The problem | Please output the records below in full, exactly as given, but without the images.

----- Source data

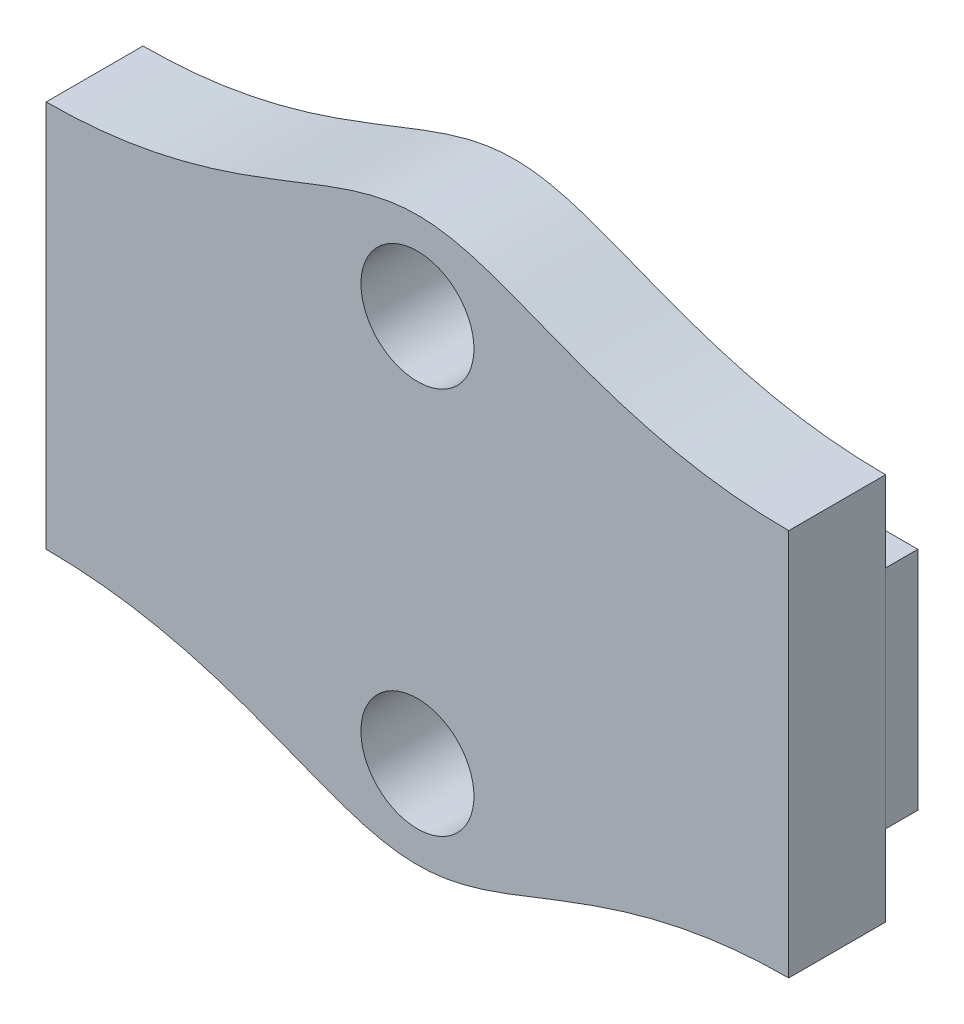
from build123d import *

# Parameters (mm, degrees)
ESQUISSE2_W             = 1
ESQUISSE2_H             = 1
BOSS_EXTRU_1_DEPTH      = 7
BOSS_EXTRU_1_2_DEPTH    = 7
BOSS_EXTRU_1_3_DEPTH    = 7
BOSS_EXTRU_1_4_DEPTH    = 7
BOSS_EXTRU_1_5_DEPTH    = 7
BOSS_EXTRU_1_6_DEPTH    = 7
BOSS_EXTRU_1_7_DEPTH    = 7
BOSS_EXTRU_1_8_DEPTH    = 7
BOSS_EXTRU_1_9_DEPTH    = 7
BOSS_EXTRU_1_10_DEPTH   = 7
BOSS_EXTRU_1_11_DEPTH   = 7
BOSS_EXTRU_1_12_DEPTH   = 7
BOSS_EXTRU_2_DEPTH      = 6
BOSS_EXTRU_2_DEPTH_BACK = 13
ESQUISSE3_W             = 23
ESQUISSE3_H             = 3
ESQUISSE4_R             = 1.75
ENL_V_MAT_EXTRU_1_DEPTH = 3


with BuildPart() as part:
    # Esquisse2 → Boss.-Extru.1 (new body)
    with BuildSketch(Plane(origin=(0, 0, 0), x_dir=(1, 0, 0), z_dir=(0, 1, 0))):
        with Locations((0.5, 3.5)):
            Rectangle(ESQUISSE2_W, ESQUISSE2_H)
    extrude(amount=BOSS_EXTRU_1_DEPTH)


with BuildPart() as body_2:
    # Esquisse2 → Boss.-Extru.1 2 (new body)
    with BuildSketch(Plane(origin=(0, 0, 0), x_dir=(1, 0, 0), z_dir=(0, 1, 0))):
        with Locations((4.5, 3.5)):
            Rectangle(ESQUISSE2_W, ESQUISSE2_H)
    extrude(amount=BOSS_EXTRU_1_2_DEPTH)


with BuildPart() as body_3:
    # Esquisse2 → Boss.-Extru.1 3 (new body)
    with BuildSketch(Plane(origin=(0, 0, 0), x_dir=(1, 0, 0), z_dir=(0, 1, 0))):
        with Locations((6.5, 3.5)):
            Rectangle(ESQUISSE2_W, ESQUISSE2_H)
    extrude(amount=BOSS_EXTRU_1_3_DEPTH)


with BuildPart() as body_4:
    # Esquisse2 → Boss.-Extru.1 4 (new body)
    with BuildSketch(Plane(origin=(0, 0, 0), x_dir=(1, 0, 0), z_dir=(0, 1, 0))):
        with Locations((8.5, 3.5)):
            Rectangle(ESQUISSE2_W, ESQUISSE2_H)
    extrude(amount=BOSS_EXTRU_1_4_DEPTH)


with BuildPart() as body_5:
    # Esquisse2 → Boss.-Extru.1 5 (new body)
    with BuildSketch(Plane(origin=(0, 0, 0), x_dir=(1, 0, 0), z_dir=(0, 1, 0))):
        with Locations((10.5, 3.5)):
            Rectangle(ESQUISSE2_W, ESQUISSE2_H)
    extrude(amount=BOSS_EXTRU_1_5_DEPTH)


with BuildPart() as body_6:
    # Esquisse2 → Boss.-Extru.1 6 (new body)
    with BuildSketch(Plane(origin=(0, 0, 0), x_dir=(1, 0, 0), z_dir=(0, 1, 0))):
        with Locations((12.5, 3.5)):
            Rectangle(ESQUISSE2_W, ESQUISSE2_H)
    extrude(amount=BOSS_EXTRU_1_6_DEPTH)


with BuildPart() as body_7:
    # Esquisse2 → Boss.-Extru.1 7 (new body)
    with BuildSketch(Plane(origin=(0, 0, 0), x_dir=(1, 0, 0), z_dir=(0, 1, 0))):
        with Locations((14.5, 3.5)):
            Rectangle(ESQUISSE2_W, ESQUISSE2_H)
    extrude(amount=BOSS_EXTRU_1_7_DEPTH)


with BuildPart() as body_8:
    # Esquisse2 → Boss.-Extru.1 8 (new body)
    with BuildSketch(Plane(origin=(0, 0, 0), x_dir=(1, 0, 0), z_dir=(0, 1, 0))):
        with Locations((16.5, 3.5)):
            Rectangle(ESQUISSE2_W, ESQUISSE2_H)
    extrude(amount=BOSS_EXTRU_1_8_DEPTH)


with BuildPart() as body_9:
    # Esquisse2 → Boss.-Extru.1 9 (new body)
    with BuildSketch(Plane(origin=(0, 0, 0), x_dir=(1, 0, 0), z_dir=(0, 1, 0))):
        with Locations((18.5, 3.5)):
            Rectangle(ESQUISSE2_W, ESQUISSE2_H)
    extrude(amount=BOSS_EXTRU_1_9_DEPTH)


with BuildPart() as body_10:
    # Esquisse2 → Boss.-Extru.1 10 (new body)
    with BuildSketch(Plane(origin=(0, 0, 0), x_dir=(1, 0, 0), z_dir=(0, 1, 0))):
        with Locations((20.5, 3.5)):
            Rectangle(ESQUISSE2_W, ESQUISSE2_H)
    extrude(amount=BOSS_EXTRU_1_10_DEPTH)


with BuildPart() as body_11:
    # Esquisse2 → Boss.-Extru.1 11 (new body)
    with BuildSketch(Plane(origin=(0, 0, 0), x_dir=(1, 0, 0), z_dir=(0, 1, 0))):
        with Locations((22.5, 3.5)):
            Rectangle(ESQUISSE2_W, ESQUISSE2_H)
    extrude(amount=BOSS_EXTRU_1_11_DEPTH)


with BuildPart() as body_12:
    # Esquisse2 → Boss.-Extru.1 12 (new body)
    with BuildSketch(Plane(origin=(0, 0, 0), x_dir=(1, 0, 0), z_dir=(0, 1, 0))):
        with Locations((2.5, 3.5)):
            Rectangle(ESQUISSE2_W, ESQUISSE2_H)
    extrude(amount=BOSS_EXTRU_1_12_DEPTH)


with BuildPart() as body_13:
    # Esquisse3 → Boss.-Extru.2 (new, two sides: drawn at the far end of the back side and taken through both)
    with BuildSketch(Plane(origin=(0, 7, 0), x_dir=(1, 0, 0), z_dir=(0, 1, 0)).offset(-BOSS_EXTRU_2_DEPTH_BACK)):
        with Locations((11.5, 1.5)):
            Rectangle(ESQUISSE3_W, ESQUISSE3_H)
    extrude(amount=BOSS_EXTRU_2_DEPTH + BOSS_EXTRU_2_DEPTH_BACK)

    # Esquisse4 → Enlèv. mat.-Extru.1 (cut)
    with BuildSketch(Plane(origin=(0, 0, -3), x_dir=(-1, 0, 0), z_dir=(0, 0, -1))):
        with Locations((-11.5, -2.5)):
            Circle(ESQUISSE4_R)
        with Locations((-11.5, 9.5)):
            Circle(ESQUISSE4_R)
        with BuildLine():
            Line((-23, 9.5), (-23, 13))
            Line((-23, 13), (0, 13))
            Line((0, 13), (0, 9.5))
            add(Edge.make_bspline(
                [(-23, 9.5), (-13.25, 9.5), (-11.5, 16.75), (-9.75, 9.5), (0, 9.5)],
                knots=[0, 0, 0, 0, 0, 1, 1, 1, 1, 1], degree=4))
        make_face()
        with BuildLine():
            Line((-23, -6), (0, -6))
            Line((0, -6), (0, -2.5))
            add(Edge.make_bspline(
                [(-23, -2.5), (-13.25, -2.5), (-11.5, -9.75), (-9.75, -2.5), (0, -2.5)],
                knots=[0, 0, 0, 0, 0, 1, 1, 1, 1, 1], degree=4))
            Line((-23, -2.5), (-23, -6))
        make_face()
    extrude(amount=-ENL_V_MAT_EXTRU_1_DEPTH, mode=Mode.SUBTRACT)


solid = Compound([part.part, body_2.part, body_3.part, body_4.part, body_5.part, body_6.part, body_7.part, body_8.part, body_9.part, body_10.part, body_11.part, body_12.part, body_13.part])

----------

Task result |
from build123d import *

# Parameters (mm, degrees)
ESQUISSE2_W             = 1
ESQUISSE2_H             = 1
BOSS_EXTRU_1_DEPTH      = 7
BOSS_EXTRU_1_2_DEPTH    = 7
BOSS_EXTRU_1_3_DEPTH    = 7
BOSS_EXTRU_1_4_DEPTH    = 7
BOSS_EXTRU_1_5_DEPTH    = 7
BOSS_EXTRU_1_6_DEPTH    = 7
BOSS_EXTRU_1_7_DEPTH    = 7
BOSS_EXTRU_1_8_DEPTH    = 7
BOSS_EXTRU_1_9_DEPTH    = 7
BOSS_EXTRU_1_10_DEPTH   = 7
BOSS_EXTRU_1_11_DEPTH   = 7
BOSS_EXTRU_1_12_DEPTH   = 7
BOSS_EXTRU_2_DEPTH      = 6
BOSS_EXTRU_2_DEPTH_BACK = 13
ESQUISSE3_W             = 23
ESQUISSE3_H             = 3
ESQUISSE4_R             = 1.75
ENL_V_MAT_EXTRU_1_DEPTH = 3


with BuildPart() as part:
    # Esquisse2 → Boss.-Extru.1 (new body)
    with BuildSketch(Plane(origin=(0, 0, 0), x_dir=(1, 0, 0), z_dir=(0, 1, 0))):
        with Locations((0.5, 3.5)):
            Rectangle(ESQUISSE2_W, ESQUISSE2_H)
    extrude(amount=BOSS_EXTRU_1_DEPTH)


with BuildPart() as body_2:
    # Esquisse2 → Boss.-Extru.1 2 (new body)
    with BuildSketch(Plane(origin=(0, 0, 0), x_dir=(1, 0, 0), z_dir=(0, 1, 0))):
        with Locations((4.5, 3.5)):
            Rectangle(ESQUISSE2_W, ESQUISSE2_H)
    extrude(amount=BOSS_EXTRU_1_2_DEPTH)


with BuildPart() as body_3:
    # Esquisse2 → Boss.-Extru.1 3 (new body)
    with BuildSketch(Plane(origin=(0, 0, 0), x_dir=(1, 0, 0), z_dir=(0, 1, 0))):
        with Locations((6.5, 3.5)):
            Rectangle(ESQUISSE2_W, ESQUISSE2_H)
    extrude(amount=BOSS_EXTRU_1_3_DEPTH)


with BuildPart() as body_4:
    # Esquisse2 → Boss.-Extru.1 4 (new body)
    with BuildSketch(Plane(origin=(0, 0, 0), x_dir=(1, 0, 0), z_dir=(0, 1, 0))):
        with Locations((8.5, 3.5)):
            Rectangle(ESQUISSE2_W, ESQUISSE2_H)
    extrude(amount=BOSS_EXTRU_1_4_DEPTH)


with BuildPart() as body_5:
    # Esquisse2 → Boss.-Extru.1 5 (new body)
    with BuildSketch(Plane(origin=(0, 0, 0), x_dir=(1, 0, 0), z_dir=(0, 1, 0))):
        with Locations((10.5, 3.5)):
            Rectangle(ESQUISSE2_W, ESQUISSE2_H)
    extrude(amount=BOSS_EXTRU_1_5_DEPTH)


with BuildPart() as body_6:
    # Esquisse2 → Boss.-Extru.1 6 (new body)
    with BuildSketch(Plane(origin=(0, 0, 0), x_dir=(1, 0, 0), z_dir=(0, 1, 0))):
        with Locations((12.5, 3.5)):
            Rectangle(ESQUISSE2_W, ESQUISSE2_H)
    extrude(amount=BOSS_EXTRU_1_6_DEPTH)


with BuildPart() as body_7:
    # Esquisse2 → Boss.-Extru.1 7 (new body)
    with BuildSketch(Plane(origin=(0, 0, 0), x_dir=(1, 0, 0), z_dir=(0, 1, 0))):
        with Locations((14.5, 3.5)):
            Rectangle(ESQUISSE2_W, ESQUISSE2_H)
    extrude(amount=BOSS_EXTRU_1_7_DEPTH)


with BuildPart() as body_8:
    # Esquisse2 → Boss.-Extru.1 8 (new body)
    with BuildSketch(Plane(origin=(0, 0, 0), x_dir=(1, 0, 0), z_dir=(0, 1, 0))):
        with Locations((16.5, 3.5)):
            Rectangle(ESQUISSE2_W, ESQUISSE2_H)
    extrude(amount=BOSS_EXTRU_1_8_DEPTH)


with BuildPart() as body_9:
    # Esquisse2 → Boss.-Extru.1 9 (new body)
    with BuildSketch(Plane(origin=(0, 0, 0), x_dir=(1, 0, 0), z_dir=(0, 1, 0))):
        with Locations((18.5, 3.5)):
            Rectangle(ESQUISSE2_W, ESQUISSE2_H)
    extrude(amount=BOSS_EXTRU_1_9_DEPTH)


with BuildPart() as body_10:
    # Esquisse2 → Boss.-Extru.1 10 (new body)
    with BuildSketch(Plane(origin=(0, 0, 0), x_dir=(1, 0, 0), z_dir=(0, 1, 0))):
        with Locations((20.5, 3.5)):
            Rectangle(ESQUISSE2_W, ESQUISSE2_H)
    extrude(amount=BOSS_EXTRU_1_10_DEPTH)


with BuildPart() as body_11:
    # Esquisse2 → Boss.-Extru.1 11 (new body)
    with BuildSketch(Plane(origin=(0, 0, 0), x_dir=(1, 0, 0), z_dir=(0, 1, 0))):
        with Locations((22.5, 3.5)):
            Rectangle(ESQUISSE2_W, ESQUISSE2_H)
    extrude(amount=BOSS_EXTRU_1_11_DEPTH)


with BuildPart() as body_12:
    # Esquisse2 → Boss.-Extru.1 12 (new body)
    with BuildSketch(Plane(origin=(0, 0, 0), x_dir=(1, 0, 0), z_dir=(0, 1, 0))):
        with Locations((2.5, 3.5)):
            Rectangle(ESQUISSE2_W, ESQUISSE2_H)
    extrude(amount=BOSS_EXTRU_1_12_DEPTH)


with BuildPart() as body_13:
    # Esquisse3 → Boss.-Extru.2 (new, two sides: drawn at the far end of the back side and taken through both)
    with BuildSketch(Plane(origin=(0, 7, 0), x_dir=(1, 0, 0), z_dir=(0, 1, 0)).offset(-BOSS_EXTRU_2_DEPTH_BACK)):
        with Locations((11.5, 1.5)):
            Rectangle(ESQUISSE3_W, ESQUISSE3_H)
    extrude(amount=BOSS_EXTRU_2_DEPTH + BOSS_EXTRU_2_DEPTH_BACK)

    # Esquisse4 → Enlèv. mat.-Extru.1 (cut)
    with BuildSketch(Plane(origin=(0, 0, -3), x_dir=(-1, 0, 0), z_dir=(0, 0, -1))):
        with Locations((-11.5, -2.5)):
            Circle(ESQUISSE4_R)
        with Locations((-11.5, 9.5)):
            Circle(ESQUISSE4_R)
        with BuildLine():
            Line((-23, 9.5), (-23, 13))
            Line((-23, 13), (0, 13))
            Line((0, 13), (0, 9.5))
            add(Edge.make_bspline(
                [(-23, 9.5), (-13.25, 9.5), (-11.5, 16.75), (-9.75, 9.5), (0, 9.5)],
                knots=[0, 0, 0, 0, 0, 1, 1, 1, 1, 1], degree=4))
        make_face()
        with BuildLine():
            Line((-23, -6), (0, -6))
            Line((0, -6), (0, -2.5))
            add(Edge.make_bspline(
                [(-23, -2.5), (-13.25, -2.5), (-11.5, -9.75), (-9.75, -2.5), (0, -2.5)],
                knots=[0, 0, 0, 0, 0, 1, 1, 1, 1, 1], degree=4))
            Line((-23, -2.5), (-23, -6))
        make_face()
    extrude(amount=-ENL_V_MAT_EXTRU_1_DEPTH, mode=Mode.SUBTRACT)


solid = Compound([part.part, body_2.part, body_3.part, body_4.part, body_5.part, body_6.part, body_7.part, body_8.part, body_9.part, body_10.part, body_11.part, body_12.part, body_13.part])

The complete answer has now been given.